"But I've captured the murderer!" La Marr exclaimed in triumph. "I've got Avic, the Eskimo, hard and fast in the guard room. Come and see."
With interest the sergeant followed the lead of the one and only man in his command.
The native had been squatted on the floor with his back against the wall near a stove, the sides of which glowed like a red apple. On their entry, he rose muttering in gutturals that meant nothing to the constable. Seymour gave one glance of recognition, then turned.
"You've got a murderer, sure enough, La Marr," he said with that slowness of speech so seldom accelerated as to be an outstanding characteristic. "But his name's not Avic and by no possibility could he have had anything to do with the killing of O'Malley."
"Then who the hell——," the constable began.
"This is Olespe of the Lady Franklin band. For three weeks he's been my prisoner. On the sled out there are the remains of the wife he killed in an attack of seal-fed jealousy."
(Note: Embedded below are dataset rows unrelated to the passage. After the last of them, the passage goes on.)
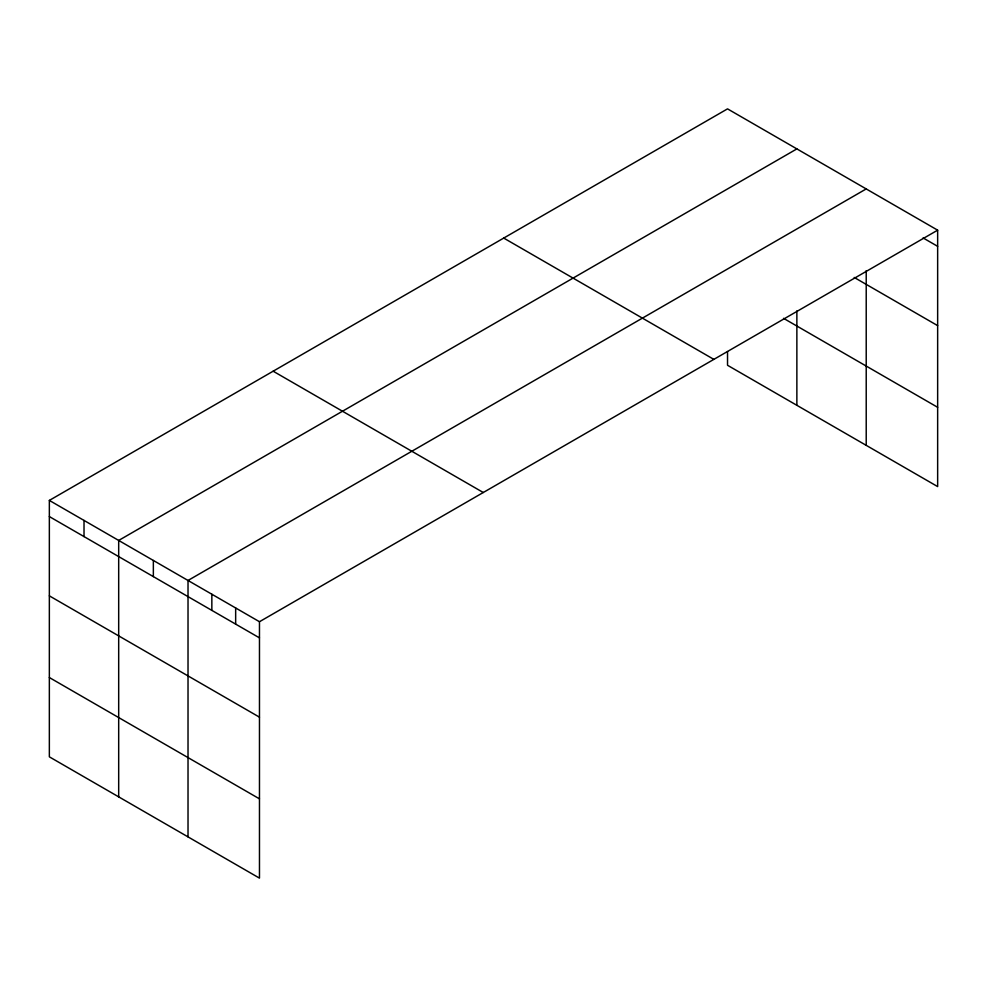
<?xml version="1.0" encoding="UTF-8"?>
<svg xmlns="http://www.w3.org/2000/svg" width="987" height="987" viewBox="0 0 987 987"><rect width="100%" height="100%" fill="white"/><g stroke="black" fill="none" stroke-linecap="round" stroke-linejoin="round"><path stroke-width="1.48" d="M937.65 230.168L259.47 621.724L259.47 878.134L49.35 756.832L49.35 500.409L727.53 108.866L937.65 230.168L937.65 486.591L727.53 365.276L727.53 351.557M796.867 148.901L118.687 540.444L118.687 796.854M866.216 188.924L188.023 580.467L188.023 836.89M923.092 237.929L937.65 246.331M854.211 277.446L937.65 325.624M783.542 318.332L937.65 407.31M503.728 238.077L713.848 359.379M273.152 371.198L483.272 492.513M49.35 500.409L259.47 621.724M49.35 516.571L259.47 637.873M49.35 595.852L259.47 717.167M49.35 677.538L259.47 798.853M866.216 270.648L866.216 445.347M796.867 310.905L796.867 405.312M235.659 607.967L235.659 624.129M211.847 594.223L211.847 610.385M153.355 560.456L153.355 576.618M84.018 520.42L84.018 536.583"/></g></svg>
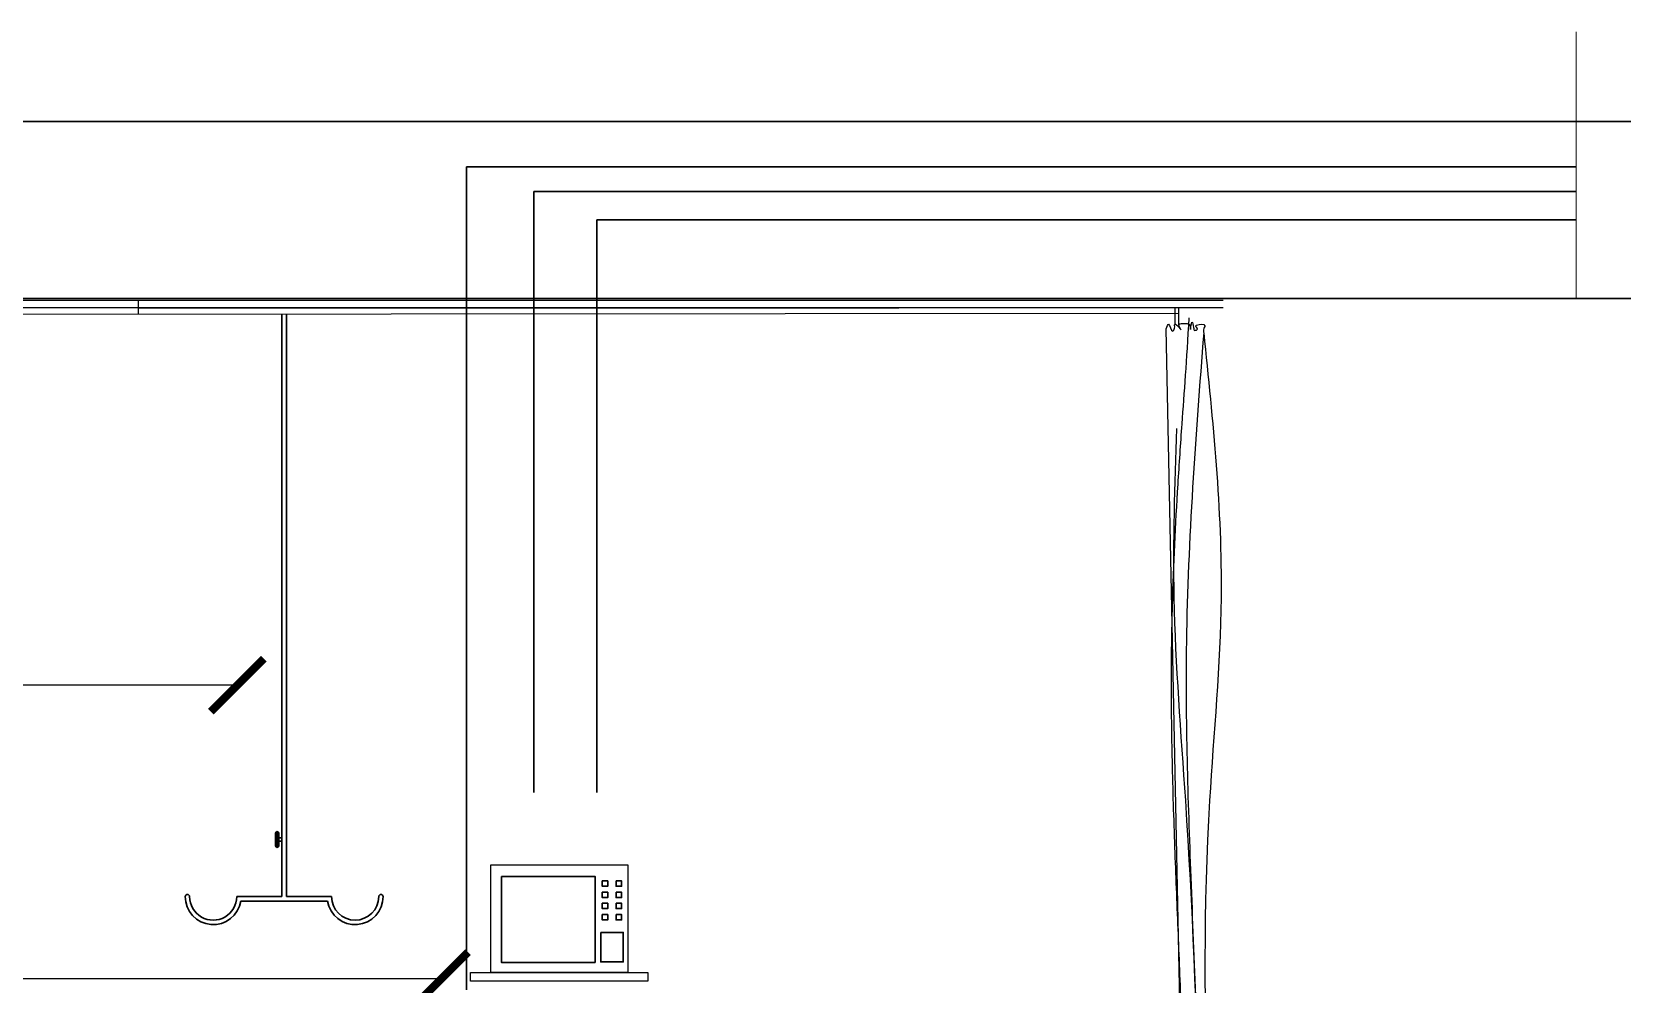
# Model space of a CAD drawing. Header units: inches. Extents: x -17070 to 527, y 504 to 2398.
# Drawn here: x -10382.72 to -10377.32, y 541.71 to 544.95 of the extents above; entities that cross this region are included whole.
import ezdxf

# ---------------------------------------------------------------- set-up
doc = ezdxf.new("R2010")
doc.units = ezdxf.units.IN
for name, color, linetype, lineweight in [('cur', 19, 'Continuous', 0), ('furniture', 42, 'Continuous', 9), ('Layer1', 2, 'Continuous', 30), ('wall', 7, 'Continuous', 30)]:
    doc.layers.add(name, color=color, linetype=linetype, lineweight=lineweight)
doc.styles.add('ROMANC', font='arialbd.ttf', dxfattribs={"height": 0.35})
doc.dimstyles.get("Standard").update_dxf_attribs({"dimtxt": 0.18, "dimasz": 0.18, "dimexe": 0.18, "dimexo": 0.0625, "dimgap": 0.09, "dimtad": 0, "dimtih": 1, "dimtoh": 1, "dimzin": 0, "dimdsep": 46, "dimtxsty": 'ROMANC', "dimblk": 'ARCHTICK', "dimcen": 0.09, "dimclrd": 25, "dimclre": 25, "dimadec": 0, "dimazin": 0, "dimtfac": 1, "dimtofl": 0, "dimtmove": 0, "dimatfit": 3, "dimldrblk": 'ARCHTICK', "dimfxl": 1, "dimtolj": 1, "dimtzin": 0, "dimarcsym": 0})

# ---------------------------------------------------------------- blocks, each defined once
blk = doc.blocks.new('_ARCHTICK')
at = {"color": 0, "linetype": 'ByBlock', "const_width": 0.15}
blk.add_lwpolyline([(-0.5, -0.5), (0.5, 0.5)], dxfattribs=at)

msp = doc.modelspace()

# ---------------------------------------------------------------- linework, layer by layer
at = {"color": 54}
for p, q in [((-10378.67852, 544.03511), (-10383.03741, 544.03511)), ((-10378.67852, 544.0094), (-10383.03741, 544.0094))]:
    msp.add_line(p, q, dxfattribs=at)
at = {"color": 250}
for points in [[(-10381.16349, 542.11935), (-10380.6982, 542.11935), (-10380.6982, 541.75342), (-10381.16349, 541.75342)], [(-10381.16349, 542.11935), (-10380.6982, 542.11935), (-10380.6982, 541.75342), (-10381.16349, 541.75342)], [(-10381.16349, 542.11935), (-10380.6982, 542.11935), (-10380.6982, 541.75342), (-10381.16349, 541.75342)], [(-10381.16349, 542.11935), (-10380.6982, 542.11935), (-10380.6982, 541.75342), (-10381.16349, 541.75342)], [(-10381.16349, 542.11935), (-10380.6982, 542.11935), (-10380.6982, 541.75342), (-10381.16349, 541.75342)], [(-10381.23217, 541.75342), (-10380.63044, 541.75342), (-10380.63044, 541.72442), (-10381.23217, 541.72442)], [(-10381.23217, 541.75342), (-10380.63044, 541.75342), (-10380.63044, 541.72442), (-10381.23217, 541.72442)], [(-10381.23217, 541.75342), (-10380.63044, 541.75342), (-10380.63044, 541.72442), (-10381.23217, 541.72442)], [(-10381.23217, 541.75342), (-10380.63044, 541.75342), (-10380.63044, 541.72442), (-10381.23217, 541.72442)], [(-10381.23217, 541.75342), (-10380.63044, 541.75342), (-10380.63044, 541.72442), (-10381.23217, 541.72442)]]:
    msp.add_lwpolyline(points, close=True, dxfattribs=at)
at = {"layer": 'cur', "lineweight": -2, "ltscale": 0.5}
for p, q in [((-10382.35961, 543.98852), (-10382.35961, 544.03511)), ((-10383.03741, 543.98852), (-10378.82908, 543.99138)), ((-10382.35961, 544.0094), (-10379.77902, 544.0094)), ((-10378.84152, 543.95502), (-10378.84152, 544.0094)), ((-10378.82908, 543.95122), (-10378.82908, 544.0094)), ((-10378.79593, 540.19049), (-10378.87241, 543.93841))]:
    msp.add_line(p, q, dxfattribs=at)
for points in [[(-10378.87241, 543.93841), (-10378.86363, 543.95456), (-10378.8498, 543.93112), (-10378.84352, 543.94117), (-10378.8431, 543.95456), (-10378.82452, 543.93852), (-10378.82123, 543.93482), (-10378.82885, 543.95313), (-10378.82061, 543.95621), (-10378.7893, 543.94572), (-10378.7893, 543.93667), (-10378.78457, 543.96095), (-10378.77921, 543.94325), (-10378.77468, 543.93338), (-10378.76623, 543.93791), (-10378.7718, 543.9486), (-10378.76891, 543.95045), (-10378.7409, 543.94922), (-10378.74564, 543.93544), (-10378.74478, 543.92494)], [(-10378.74478, 543.92494), (-10378.68581, 543.026), (-10378.72465, 542.33723), (-10378.66993, 540.1905)], [(-10378.83744, 543.60036), (-10378.84587, 543.02599), (-10378.80698, 542.33723), (-10378.74239, 540.19049)]]:
    msp.add_spline(points, degree=3, dxfattribs=at)
for points, knots in [([(-10378.79505, 543.97639), (-10378.80335, 543.8299), (-10378.8116, 543.72287), (-10378.82405, 543.54753), (-10378.82864, 543.4793), (-10378.84116, 543.27445), (-10378.84787, 543.1377), (-10378.85295, 542.95671), (-10378.85389, 542.91265), (-10378.8551, 542.82451), (-10378.85537, 542.78045), (-10378.85533, 542.64831), (-10378.85416, 542.56027), (-10378.85006, 542.37422), (-10378.84695, 542.27623), (-10378.84006, 542.08595), (-10378.83634, 541.99366), (-10378.82888, 541.80922), (-10378.82514, 541.71708), (-10378.8194, 541.56195), (-10378.81722, 541.49892), (-10378.81375, 541.38479), (-10378.81237, 541.33369), (-10378.81032, 541.24258), (-10378.80957, 541.20259), (-10378.80838, 541.12255), (-10378.80793, 541.08253), (-10378.80697, 540.96455), (-10378.80681, 540.88656), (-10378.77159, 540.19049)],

The chagrin of Constable La Marr was written in gloom across a face so lately aglow.
CHAPTER II
THE ESKIMO WAY
Grim, indeed, had been Sergeant Seymour's sledded return to his detachment. For more than two hundred miles across the frozen tundra he had driven his ghastly load—the murdered woman wrapped in deer skins after the native custom, sewed up in a tarp and lashed to a komatik, the Labrador sled that gives such excellent service on cross-country runs. All this, that the inquest which the Dominion requires, regardless of isolation, might be held in form and the case against the uxoricide assured.